图 8 的结果显示, 虽然激光粒度仪与沉降法 、筛析法的测试结果有一定差异, 但粒度参数的变化趋势却比较接近 。由于本研究所用的样品数量有限, 还不能认为上述结果是普遍的规律, 各种测试方法所得的粒度参数之间的相关性还有待进一步的研究 。但就已有的结果来看 ,不同测试方法所得数据有其自身的系统规律 。因此, 沉积物粒度数据的比较应保持在同一测量系统之内 ,According to某个测量系统的粒度数据建立起来的反映沉积环境、沉积物输运过程的规律 ,在运用于其他测量系统的测试数据时 ,要进行适用性分析。不同测量方法所得的测试结果之间的比较 ,可采用数理统计的方法 。本文研究中 , 进行了一些相关分析 , 但这些回归公式并不具有普适性, 因为沉积物具有区域性 ,不同区域的沉积物 ,物理特性不同 。
4.3 不同测试方法的准确度和准确度
不规则颗粒的粒径可以According to其不同的特征予以确定 ,如颗粒的横截面积、沉降速度 、体积以及能穿过的洞的孔径。不同的粒度分析方法According to于这些不同的特征 ,而且这些特征之间缺乏确定的关系。因此, 对于同一颗粒, 不同方法测定的粒径不尽相同。由于目前并没有一个对非球体颗粒粒径的统一定义, 因此不同方法的准确度难以比较。

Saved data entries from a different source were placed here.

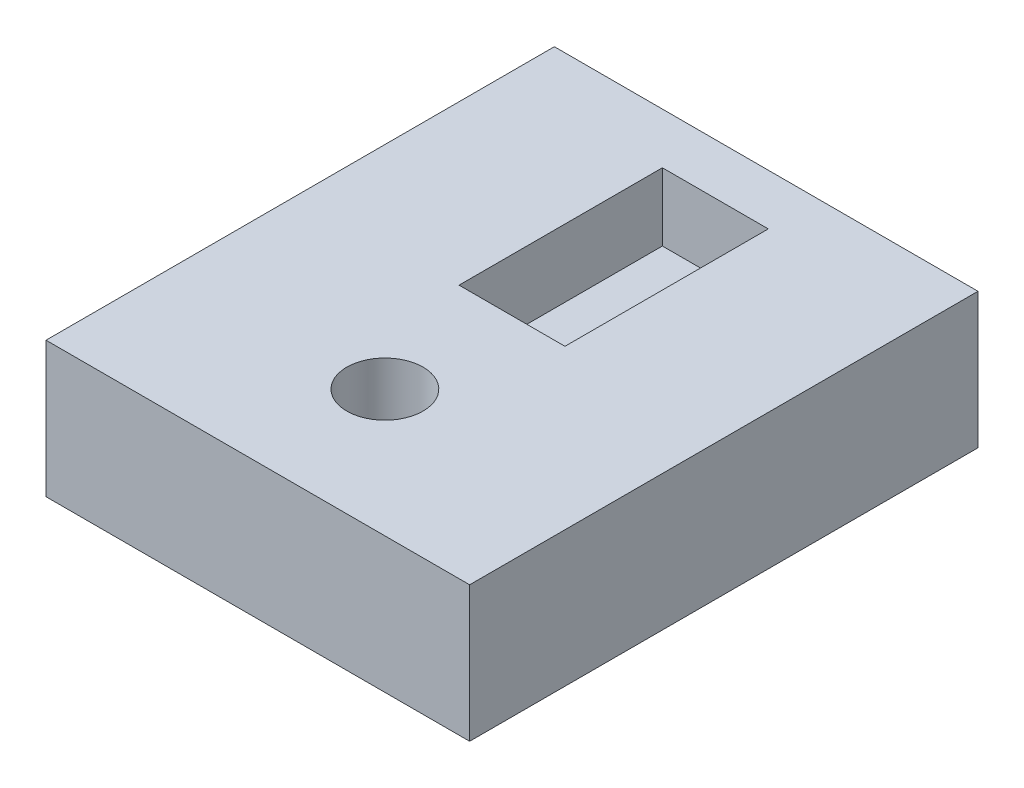
from build123d import *

# Parameters (mm, degrees)
SKETCH1_W            = 25
SKETCH1_H            = 8
BOSS_EXTRUDE1_DEPTH  = 15
SKETCH3_W            = 6.25
SKETCH3_H            = 4
CUT_EXTRUDE1_DEPTH   = 12
M4_CLEARANCE_HOLE1_D = 4.5


with BuildPart() as part:
    # Sketch1 → Boss-Extrude1 (new, symmetric)
    with BuildSketch(Plane.XY):
        Rectangle(SKETCH1_W, SKETCH1_H)
    extrude(amount=BOSS_EXTRUDE1_DEPTH, both=True)

    # Sketch3 → Cut-Extrude1 (cut)
    with BuildSketch(Plane(origin=(0, 0, -12), x_dir=(-1, 0, 0), z_dir=(0, 0, -1))):
        with Locations((0, 2)):
            Rectangle(SKETCH3_W, SKETCH3_H)
    extrude(amount=-CUT_EXTRUDE1_DEPTH, mode=Mode.SUBTRACT)

    # M4 Clearance Hole1 (through all)
    with Locations(Plane(origin=(0, -4, 0), x_dir=(-1, 0, 0), z_dir=(0, -1, 0))):
        with Locations((0, -7.5)):
            Hole(M4_CLEARANCE_HOLE1_D / 2)


solid = part.part
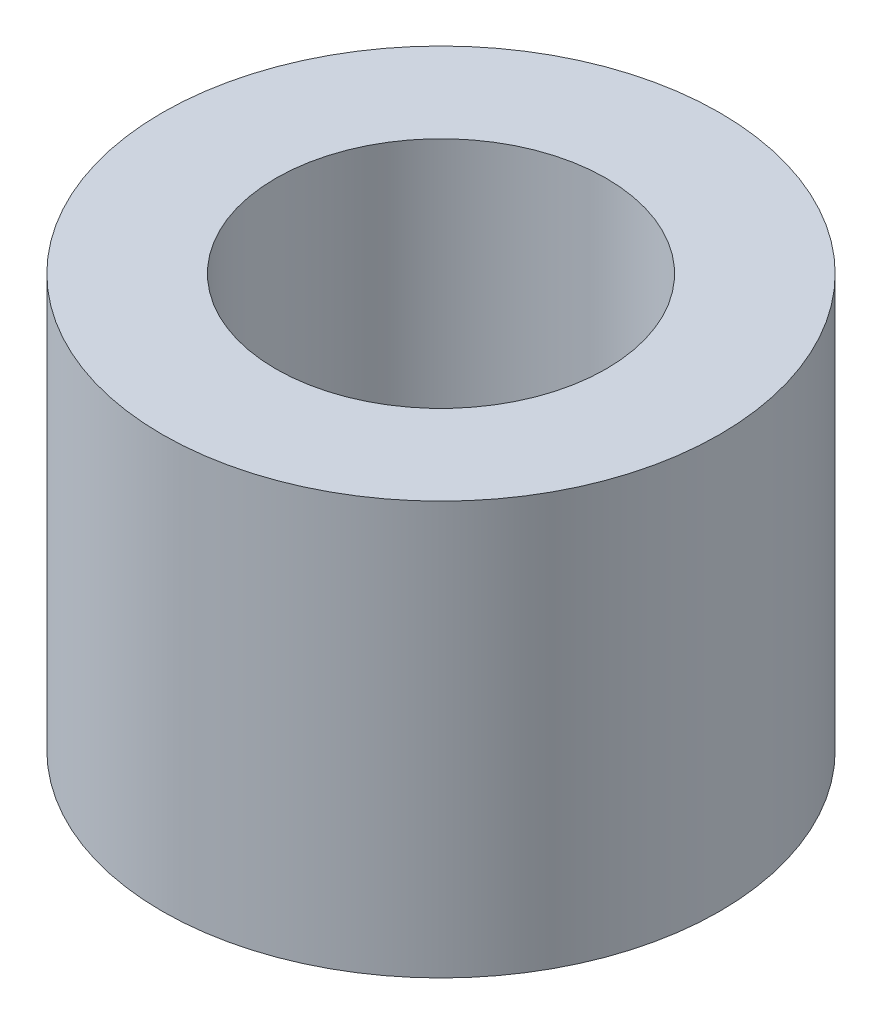
from build123d import *

# Parameters (mm, degrees)
SKETCH_1_R      = 2.7
SKETCH_1_R_2    = 1.6
EXTRUDE_1_DEPTH = 4


with BuildPart() as part:
    # 草图1 → 凸台-拉伸1 (new body)
    with BuildSketch(Plane(origin=(0, 0, 0), x_dir=(1, 0, 0), z_dir=(0, 1, 0))):
        with Locations(Location((0, 0, 0), (0, 0, 270))):
            Circle(SKETCH_1_R)
        with Locations(Location((0, 0, 0), (0, 0, 270))):
            Circle(SKETCH_1_R_2, mode=Mode.SUBTRACT)
    extrude(amount=EXTRUDE_1_DEPTH)


solid = part.part
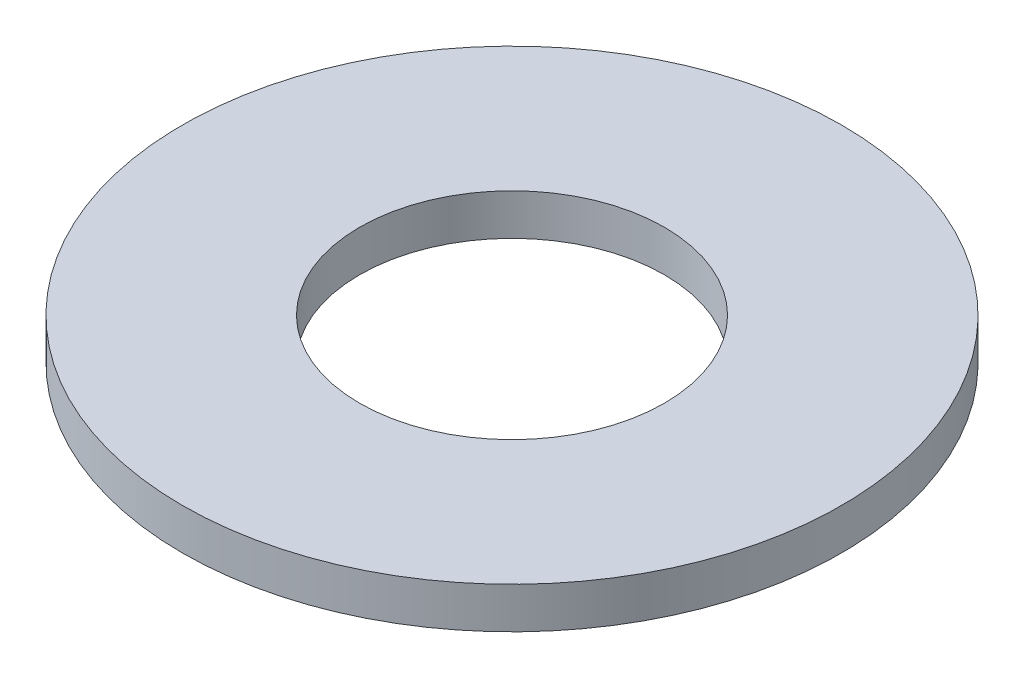
from build123d import *

# Parameters (mm, degrees)
SKETCH1_R         = 4
SKETCH1_R_2       = 1.85
WASHER_BODY_DEPTH = 0.5


with BuildPart() as part:
    # Sketch1 → Washer_Body (new body)
    with BuildSketch(Plane(origin=(0, 0, 0), x_dir=(1, 0, 0), z_dir=(0, 1, 0))):
        with Locations(Location((0, 0, 0), (0, 0, 270))):
            Circle(SKETCH1_R)
        with Locations(Location((0, 0, 0), (0, 0, 270))):
            Circle(SKETCH1_R_2, mode=Mode.SUBTRACT)
    extrude(amount=WASHER_BODY_DEPTH)


solid = part.part

从操作的误差来看 ,沉降法(移液管法)的精度是不高的,除了操作方法本身的缺陷之外 ,人为因素带来的误差也可影响测试结果之可靠性 。因而这种方法被认为“对确定泥质样品中粉砂的大致含量还是有用的” 。筛析法沿用已久 ,对于不规则的天然沉积物,实际能通过筛孔的颗粒大小是由其中径所决定的(详见前文论述)。此外 ,筛孔变形、沉积物在机械振荡过程中的破碎以及沉积物之间密度的差异 , 都会增加测量结果的误差。相比而言 ,激光粒度仪的系统误差要远小于沉降法(移液管法)和筛析法 。此外 , 本文研究所用的 Cilas 940 L 激光粒度仪的测量范围涵盖了砂以下的粒级(海洋沉积、湖泊沉积和风成沉积的粒级一般在这个范围之内),可以避免不同测量方法之间匹配时产生的误差。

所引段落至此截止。